[Records drawn from a dataset]
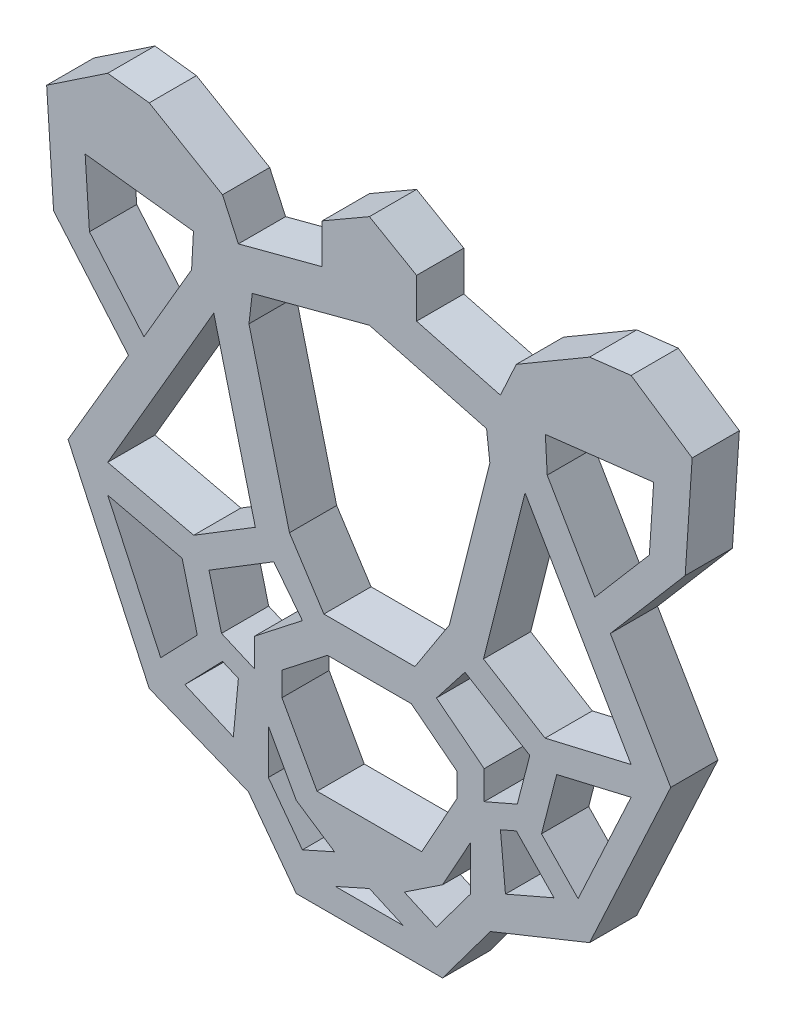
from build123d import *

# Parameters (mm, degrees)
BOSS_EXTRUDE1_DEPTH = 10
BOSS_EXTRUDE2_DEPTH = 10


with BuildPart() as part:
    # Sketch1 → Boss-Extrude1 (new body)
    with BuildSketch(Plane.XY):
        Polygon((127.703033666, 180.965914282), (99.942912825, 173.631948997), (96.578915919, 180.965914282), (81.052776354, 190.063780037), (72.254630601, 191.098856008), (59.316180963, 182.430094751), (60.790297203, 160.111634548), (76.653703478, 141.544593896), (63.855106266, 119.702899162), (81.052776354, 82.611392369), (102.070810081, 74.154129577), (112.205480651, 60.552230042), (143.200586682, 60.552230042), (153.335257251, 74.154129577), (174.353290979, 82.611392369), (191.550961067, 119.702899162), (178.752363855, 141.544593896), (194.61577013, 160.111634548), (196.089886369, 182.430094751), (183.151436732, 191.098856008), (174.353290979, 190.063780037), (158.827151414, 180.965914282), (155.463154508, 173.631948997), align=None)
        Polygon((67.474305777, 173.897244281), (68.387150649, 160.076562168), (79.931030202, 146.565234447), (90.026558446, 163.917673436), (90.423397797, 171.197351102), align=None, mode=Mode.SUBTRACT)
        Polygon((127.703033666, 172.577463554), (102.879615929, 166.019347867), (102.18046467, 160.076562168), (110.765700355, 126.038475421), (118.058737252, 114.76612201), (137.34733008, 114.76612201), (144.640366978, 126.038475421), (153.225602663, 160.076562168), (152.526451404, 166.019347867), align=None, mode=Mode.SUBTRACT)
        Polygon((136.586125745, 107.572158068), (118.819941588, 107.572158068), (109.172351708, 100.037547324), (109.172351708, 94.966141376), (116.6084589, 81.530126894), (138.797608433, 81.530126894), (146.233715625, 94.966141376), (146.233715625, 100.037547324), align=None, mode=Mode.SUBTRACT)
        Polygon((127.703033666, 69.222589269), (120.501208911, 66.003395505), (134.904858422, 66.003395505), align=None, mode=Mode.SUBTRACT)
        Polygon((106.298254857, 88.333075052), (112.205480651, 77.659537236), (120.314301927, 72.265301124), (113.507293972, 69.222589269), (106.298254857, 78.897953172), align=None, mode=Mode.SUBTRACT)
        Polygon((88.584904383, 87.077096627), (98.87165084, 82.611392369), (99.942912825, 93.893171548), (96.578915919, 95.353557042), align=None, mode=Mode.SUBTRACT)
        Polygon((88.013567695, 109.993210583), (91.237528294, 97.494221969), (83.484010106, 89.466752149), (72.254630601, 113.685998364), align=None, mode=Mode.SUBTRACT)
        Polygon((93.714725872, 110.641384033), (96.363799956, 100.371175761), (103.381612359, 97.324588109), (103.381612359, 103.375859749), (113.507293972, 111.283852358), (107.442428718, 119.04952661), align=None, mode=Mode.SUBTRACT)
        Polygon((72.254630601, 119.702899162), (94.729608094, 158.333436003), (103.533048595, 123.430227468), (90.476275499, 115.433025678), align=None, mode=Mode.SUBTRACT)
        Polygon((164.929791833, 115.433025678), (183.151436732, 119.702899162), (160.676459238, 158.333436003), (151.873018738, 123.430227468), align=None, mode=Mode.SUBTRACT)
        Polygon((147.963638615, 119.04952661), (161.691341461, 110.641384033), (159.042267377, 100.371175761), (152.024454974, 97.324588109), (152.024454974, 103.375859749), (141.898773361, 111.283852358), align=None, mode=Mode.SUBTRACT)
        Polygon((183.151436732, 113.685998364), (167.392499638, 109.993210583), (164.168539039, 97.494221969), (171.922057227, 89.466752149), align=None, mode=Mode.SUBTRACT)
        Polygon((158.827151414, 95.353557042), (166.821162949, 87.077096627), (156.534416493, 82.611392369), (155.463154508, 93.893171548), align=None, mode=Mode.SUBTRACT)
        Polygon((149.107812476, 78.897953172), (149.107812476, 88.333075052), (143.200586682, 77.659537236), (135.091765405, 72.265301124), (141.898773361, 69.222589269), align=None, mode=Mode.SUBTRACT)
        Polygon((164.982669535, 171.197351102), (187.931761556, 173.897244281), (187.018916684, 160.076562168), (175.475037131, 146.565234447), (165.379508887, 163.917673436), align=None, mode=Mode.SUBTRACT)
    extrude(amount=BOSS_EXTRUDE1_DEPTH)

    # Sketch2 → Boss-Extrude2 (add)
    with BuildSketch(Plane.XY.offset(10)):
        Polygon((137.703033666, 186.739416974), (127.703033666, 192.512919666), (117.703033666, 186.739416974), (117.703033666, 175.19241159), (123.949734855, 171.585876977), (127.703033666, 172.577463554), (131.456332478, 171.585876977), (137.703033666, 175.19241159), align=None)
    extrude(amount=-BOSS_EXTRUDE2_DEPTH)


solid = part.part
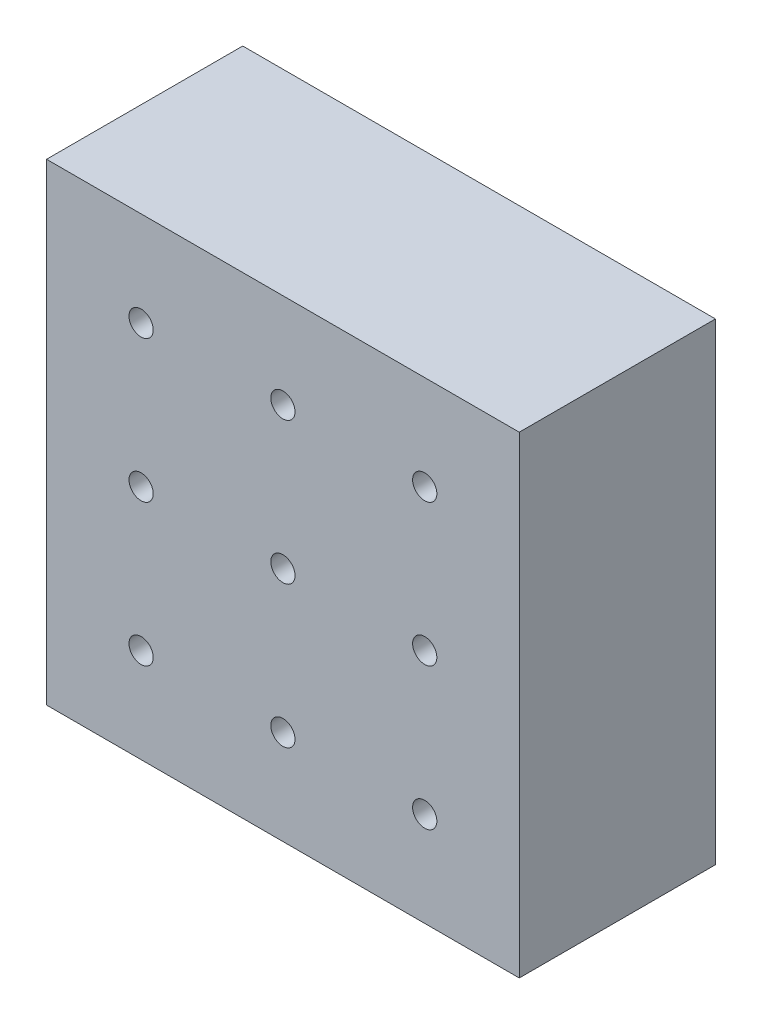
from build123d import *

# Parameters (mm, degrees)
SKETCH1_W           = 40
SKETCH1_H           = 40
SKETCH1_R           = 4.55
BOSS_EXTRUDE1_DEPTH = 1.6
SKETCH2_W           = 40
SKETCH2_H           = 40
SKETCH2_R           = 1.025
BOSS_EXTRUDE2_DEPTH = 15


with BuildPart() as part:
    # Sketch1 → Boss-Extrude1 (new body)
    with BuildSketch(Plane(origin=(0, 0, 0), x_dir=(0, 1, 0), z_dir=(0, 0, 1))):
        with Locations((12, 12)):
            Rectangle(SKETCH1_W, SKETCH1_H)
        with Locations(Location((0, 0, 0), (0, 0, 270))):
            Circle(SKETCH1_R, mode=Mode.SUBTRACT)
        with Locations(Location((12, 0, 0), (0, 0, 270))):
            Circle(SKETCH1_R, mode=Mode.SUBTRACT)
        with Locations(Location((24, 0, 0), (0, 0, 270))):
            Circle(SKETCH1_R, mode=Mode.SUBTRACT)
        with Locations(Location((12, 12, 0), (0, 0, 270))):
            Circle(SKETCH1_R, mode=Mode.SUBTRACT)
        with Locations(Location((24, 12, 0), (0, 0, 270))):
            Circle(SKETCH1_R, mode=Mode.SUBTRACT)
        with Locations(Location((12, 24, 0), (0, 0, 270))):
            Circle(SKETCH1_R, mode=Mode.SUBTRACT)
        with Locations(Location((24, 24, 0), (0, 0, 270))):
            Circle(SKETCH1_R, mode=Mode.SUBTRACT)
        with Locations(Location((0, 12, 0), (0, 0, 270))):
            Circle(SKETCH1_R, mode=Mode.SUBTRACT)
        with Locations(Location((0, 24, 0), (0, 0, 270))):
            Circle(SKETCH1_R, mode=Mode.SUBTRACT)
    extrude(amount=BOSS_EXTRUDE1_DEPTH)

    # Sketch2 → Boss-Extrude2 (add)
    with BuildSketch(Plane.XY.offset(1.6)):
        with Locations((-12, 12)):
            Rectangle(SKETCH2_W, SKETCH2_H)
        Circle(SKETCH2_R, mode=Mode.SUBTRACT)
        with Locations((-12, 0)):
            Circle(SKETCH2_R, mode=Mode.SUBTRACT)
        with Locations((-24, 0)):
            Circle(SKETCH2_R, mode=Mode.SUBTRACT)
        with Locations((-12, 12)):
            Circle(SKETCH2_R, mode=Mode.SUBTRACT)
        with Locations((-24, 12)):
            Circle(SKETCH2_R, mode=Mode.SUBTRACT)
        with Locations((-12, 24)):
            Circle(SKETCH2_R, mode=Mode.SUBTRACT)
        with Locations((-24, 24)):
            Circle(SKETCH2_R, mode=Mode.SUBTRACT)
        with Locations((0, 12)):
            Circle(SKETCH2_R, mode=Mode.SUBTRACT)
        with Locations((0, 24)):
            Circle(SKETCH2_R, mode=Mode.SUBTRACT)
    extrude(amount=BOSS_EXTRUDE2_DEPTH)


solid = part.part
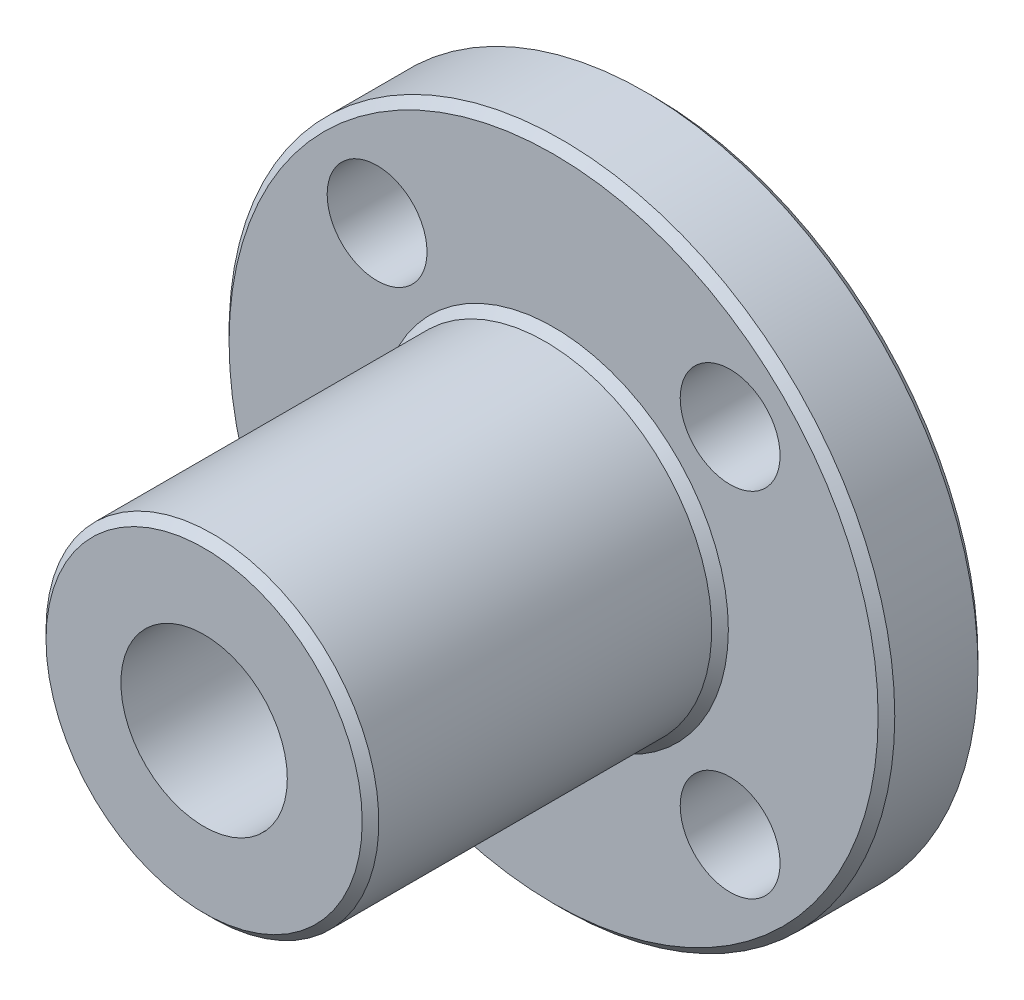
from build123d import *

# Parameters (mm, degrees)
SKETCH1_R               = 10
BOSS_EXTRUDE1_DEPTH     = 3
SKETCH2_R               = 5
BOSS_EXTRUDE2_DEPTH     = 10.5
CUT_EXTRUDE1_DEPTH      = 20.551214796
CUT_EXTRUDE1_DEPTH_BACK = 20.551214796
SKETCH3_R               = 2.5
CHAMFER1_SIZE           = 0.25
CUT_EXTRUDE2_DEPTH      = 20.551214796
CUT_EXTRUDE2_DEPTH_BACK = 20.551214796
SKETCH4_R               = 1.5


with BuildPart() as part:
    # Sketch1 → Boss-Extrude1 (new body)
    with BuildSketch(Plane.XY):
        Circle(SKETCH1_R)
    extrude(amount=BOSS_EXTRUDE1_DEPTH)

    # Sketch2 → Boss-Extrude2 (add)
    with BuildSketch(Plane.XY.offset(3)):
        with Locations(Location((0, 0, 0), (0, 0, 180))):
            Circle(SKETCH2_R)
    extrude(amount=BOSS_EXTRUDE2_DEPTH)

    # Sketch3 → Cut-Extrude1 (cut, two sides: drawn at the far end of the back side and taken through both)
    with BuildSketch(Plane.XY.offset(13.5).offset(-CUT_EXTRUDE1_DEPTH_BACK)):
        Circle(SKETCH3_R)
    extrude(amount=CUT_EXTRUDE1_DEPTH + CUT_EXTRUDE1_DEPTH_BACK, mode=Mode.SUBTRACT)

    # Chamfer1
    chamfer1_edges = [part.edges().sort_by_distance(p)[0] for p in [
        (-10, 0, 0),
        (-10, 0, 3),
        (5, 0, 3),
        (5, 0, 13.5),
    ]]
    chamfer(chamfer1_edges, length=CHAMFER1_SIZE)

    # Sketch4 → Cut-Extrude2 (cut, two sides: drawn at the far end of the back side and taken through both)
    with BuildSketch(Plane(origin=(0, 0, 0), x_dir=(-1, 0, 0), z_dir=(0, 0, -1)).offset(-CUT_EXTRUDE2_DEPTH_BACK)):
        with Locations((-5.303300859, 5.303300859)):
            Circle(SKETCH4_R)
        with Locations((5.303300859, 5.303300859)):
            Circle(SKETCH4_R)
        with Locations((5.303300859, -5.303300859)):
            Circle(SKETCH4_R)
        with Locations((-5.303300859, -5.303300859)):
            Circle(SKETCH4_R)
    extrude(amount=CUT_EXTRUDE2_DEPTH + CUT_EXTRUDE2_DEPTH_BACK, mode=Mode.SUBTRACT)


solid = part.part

# Description of the task
Search the data for the string "through" and copy out every line where it is found.

# Response to the exercise
    # Sketch3 → Cut-Extrude1 (cut, two sides: drawn at the far end of the back side and taken through both)
    # Sketch4 → Cut-Extrude2 (cut, two sides: drawn at the far end of the back side and taken through both)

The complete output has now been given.